Company Overview
SOPHiA GENETICS SA functions as a cloud-native software technology company dedicated to the healthcare sector, specifically providing the SOPHiA DDM platform for analyzing data and generating insights from multimodal data sets and diagnostic modalities within the Health Information Services industry. This positioning within the healthcare sector allows the firm to leverage advanced software capabilities to process complex biological and clinical data, addressing critical needs in genomic medicine and precision diagnostics. The company currently employs 415 individuals and maintains a total market capitalization of $338.28M, with annual revenue recorded at $77.27M over the trailing twelve months. These valuation and revenue figures indicate that while the company has achieved significant scale in revenue generation, its market capitalization reflects the market's current assessment of its growth potential and profitability status in a capital-intensive software development environment.
Financial Health
The company reported a trailing twelve-month revenue of $77.27M, yet it recorded a net income of $-78,999,000 and an EBITDA of $-69,168,000, revealing a substantial structural gap where operating expenses significantly outpace top-line earnings. This divergence between revenue and net income highlights a cost structure dominated by high fixed costs, likely related to R&D and cloud infrastructure, which are common in early-stage software scaling but currently suppress bottom-line profitability. Free cash flow stands at $-16,462,000, indicating that the company is burning cash to fuel its expansion, which limits immediate financial flexibility but is a typical characteristic of growth-oriented technology firms reinvesting heavily in product development. Margins reflect this financial profile, with a gross margin of 67.4% suggesting efficient core product delivery, contrasted sharply by an operating margin of -85.4% and a profit margin of -102.2% that underscore heavy overhead burdens relative to sales. Liquidity management is supported by $70.29M in cash against $63.02M in debt, resulting in a debt-to-equity ratio of 133.67% which suggests a leveraged balance sheet typical for capital-light software businesses seeking to maximize tax shields and leverage growth. Short-term liquidity appears robust given a current ratio of 1.96, implying the company holds sufficient current assets to cover its short-term liabilities without immediate distress. Finally, return on equity is -110.0% and return on assets is -27.9%, metrics that reveal management is currently prioritizing expansion over returning value to shareholders, resulting in negative returns on the capital base deployed.
Valuation Assessment
Valuation metrics present a complex picture, with a trailing P/E ratio listed as N/A due to the lack of earnings, while the forward P/E is calculated at -8.43, implying that the market prices the stock based on anticipated future profitability rather than current performance.
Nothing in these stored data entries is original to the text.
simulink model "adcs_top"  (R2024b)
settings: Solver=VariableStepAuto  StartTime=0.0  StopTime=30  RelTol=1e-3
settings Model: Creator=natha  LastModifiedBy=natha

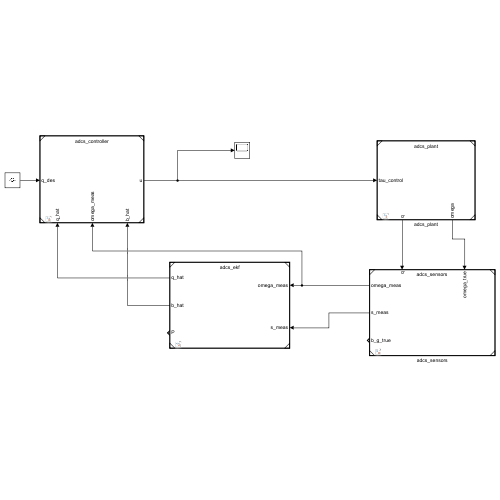
[thumbnail: Simulink's stored preview of the top-level diagram]
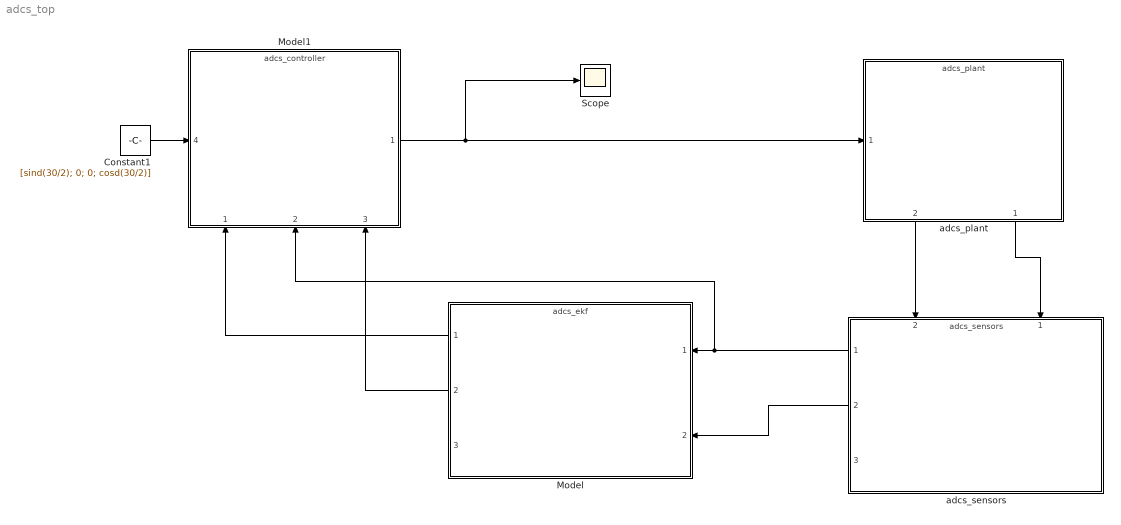
== system adcs_top ==
  Constant1 : Constant  Value=[sind(30/2); 0; 0; cosd(30/2)]
  Model : ModelReference  ModelNameDialog=adcs_ekf  SimulationMode=Normal  ModelReferenceVersion=1.7
      settings: PortSchema="{\"entries\":[{\"content\":{\"sides\":[{\"content\":{\"connectorIds\":[\"Out1\",\"Out2\",\"Out3\"]},\"type\":\"ConnectorPlacement.EquallySpacedRectSide\",\"uuid\":\"e1e8c2f6-347a-40af-a489-4a486dd92b83\"},{\"content\":{\"connectorIds\":[\"In1\",\"In2\"],\"side\":\"RIGHT\"},\"type\":\"ConnectorPlacement.EquallySpacedRectSide\",\"uuid\":\"7d272911-a1f7-467e-adb6-6c23d55756c2\"},{\"content\":{\"side\":\"TOP\"},\"type\":\"ConnectorPlacement.EquallySpacedRectSide\",\"uuid\":\"c6e9175d-15ec-4e70-a8b4-df454a0e0841\"}]},\"type\":\"ConnectorPlacement.EquallySpacedConnector\",\"uuid\":\"e1e20b4a-ad6f-4514-bcaf-182f4cfd2820\"}],\"packageUris\":[\"http://schema.mathworks.com/mf0/Connector/R2020b\"],\"version\":\"1.0\"}"
  Model1 : ModelReference  ModelNameDialog=adcs_controller  SimulationMode=Normal  ModelReferenceVersion=1.3
      settings: PortSchema="{\"entries\":[{\"content\":{\"sides\":[{\"content\":{\"connectorIds\":[\"In4\"]},\"type\":\"ConnectorPlacement.EquallySpacedRectSide\",\"uuid\":\"9a7dce3a-0e24-4f74-8568-077604ed1719\"},{\"content\":{\"connectorIds\":[\"Out1\"],\"side\":\"RIGHT\"},\"type\":\"ConnectorPlacement.EquallySpacedRectSide\",\"uuid\":\"132e05c4-2c3f-48f9-bab4-462e6f54b58f\"},{\"content\":{\"side\":\"TOP\"},\"type\":\"ConnectorPlacement.EquallySpacedRectSide\",\"uuid\":\"948c8154-85c3-48fc-a221-ad950f049ae6\"},{\"content\":{\"connectorIds\":[\"In1\",\"In2\",\"In3\"],\"side\":\"BOTTOM\"},\"type\":\"ConnectorPlacement.EquallySpacedRectSide\",\"uuid\":\"de3e1043-fdca-4441-8ba7-ef689e26219f\"}]},\"type\":\"ConnectorPlacement.EquallySpacedConnector\",\"uuid\":\"d249f73a-2fcc-4096-bae7-3b72d1dc14e2\"}],\"packageUris\":[\"http://schema.mathworks.com/mf0/Connector/R2020b\"],\"version\":\"1.0\"}"
  Scope : Scope
  adcs_plant : ModelReference  ModelNameDialog=adcs_plant  SimulationMode=Normal  ModelReferenceVersion=1.15
      settings: PortSchema="{\"entries\":[{\"content\":{\"sides\":[{\"content\":{\"connectorIds\":[\"In1\"]},\"type\":\"ConnectorPlacement.EquallySpacedRectSide\",\"uuid\":\"eb9888ac-de84-4bc1-a55c-af06666db182\"},{\"content\":{\"side\":\"RIGHT\"},\"type\":\"ConnectorPlacement.EquallySpacedRectSide\",\"uuid\":\"1c97a0d1-5ab9-4f54-a62f-88bfd8ad7da0\"},{\"content\":{\"side\":\"TOP\"},\"type\":\"ConnectorPlacement.EquallySpacedRectSide\",\"uuid\":\"dbf33c93-5dbe-44ed-ac7c-680ab56ff2d7\"},{\"content\":{\"connectorIds\":[\"Out2\",\"Out1\"],\"side\":\"BOTTOM\"},\"type\":\"ConnectorPlacement.EquallySpacedRectSide\",\"uuid\":\"151d038a-e823-469a-a98c-90fa89695792\"}]},\"type\":\"ConnectorPlacement.EquallySpacedConnector\",\"uuid\":\"6876e821-9bc3-492d-80bf-13e76e1de433\"}],\"packageUris\":[\"http://schema.mathworks.com/mf0/Connector/R2020b\"],\"version\":\"1.0\"}"
  adcs_sensors : ModelReference  ModelNameDialog=adcs_sensors  SimulationMode=Normal  ModelReferenceVersion=1.9
      settings: PortSchema="{\"entries\":[{\"content\":{\"sides\":[{\"content\":{\"connectorIds\":[\"Out1\",\"Out2\",\"Out3\"]},\"type\":\"ConnectorPlacement.EquallySpacedRectSide\",\"uuid\":\"e1e8c2f6-347a-40af-a489-4a486dd92b83\"},{\"content\":{\"side\":\"RIGHT\"},\"type\":\"ConnectorPlacement.EquallySpacedRectSide\",\"uuid\":\"7d272911-a1f7-467e-adb6-6c23d55756c2\"},{\"content\":{\"connectorIds\":[\"In2\",\"In1\"],\"side\":\"TOP\"},\"type\":\"ConnectorPlacement.EquallySpacedRectSide\",\"uuid\":\"c6e9175d-15ec-4e70-a8b4-df454a0e0841\"}]},\"type\":\"ConnectorPlacement.EquallySpacedConnector\",\"uuid\":\"e1e20b4a-ad6f-4514-bcaf-182f4cfd2820\"}],\"packageUris\":[\"http://schema.mathworks.com/mf0/Connector/R2020b\"],\"version\":\"1.0\"}"
  wires:
  adcs_plant/1 -> adcs_sensors/1
  adcs_plant/2 -> adcs_sensors/2
  adcs_sensors/2 -> Model/2
  Constant1/1 -> Model1/4
  Model/2 -> Model1/3
  Model/1 -> Model1/1
  Model1/1 -> Scope/1, adcs_plant/1
  adcs_sensors/1 -> Model1/2, Model/1

The price-to-book ratio is 6.86, indicating that the market assigns a significant premium to the company's intangible assets, such as its software platform and intellectual property, relative to its tangible book value. Alternative valuation measures show a price-to-sales ratio of 4.38 and an EV/EBITDA of -4.79, suggesting investors are valuing the firm primarily on its revenue trajectory and potential for future profitability rather than current cash generation or earnings multiples. Price momentum is defined by a 52-week high of $5.70 and a 52-week low of $2.58, meaning the stock is trading within a range that captures significant volatility over the past year. The stock's beta is 1.14, which indicates that the share price is 14% more volatile than the broader market, exposing investors to higher price swings during periods of market instability or sector-specific shifts.
Growth & Income
Revenue growth year-over-year is 22.4%, demonstrating a strong top-line expansion, whereas earnings growth is N/A due to the company's current net losses, implying that profitability lags behind revenue generation as the business scales. As a non-dividend payer with a dividend yield of N/A and a payout ratio of 0.0%, the company does not distribute cash to shareholders, indicating a strategy of reinvesting all available capital back into the business to fund research and development. This reinvestment approach is consistent with the negative free cash flow and negative EBITDA, where the firm forgoes income distribution to preserve growth opportunities in the competitive health information services landscape. Overall, the growth and income profile is characterized by rapid revenue expansion coupled with significant cash burn and no current income generation, typical of a high-growth biotech software company seeking to establish a dominant market position before achieving sustained profitability.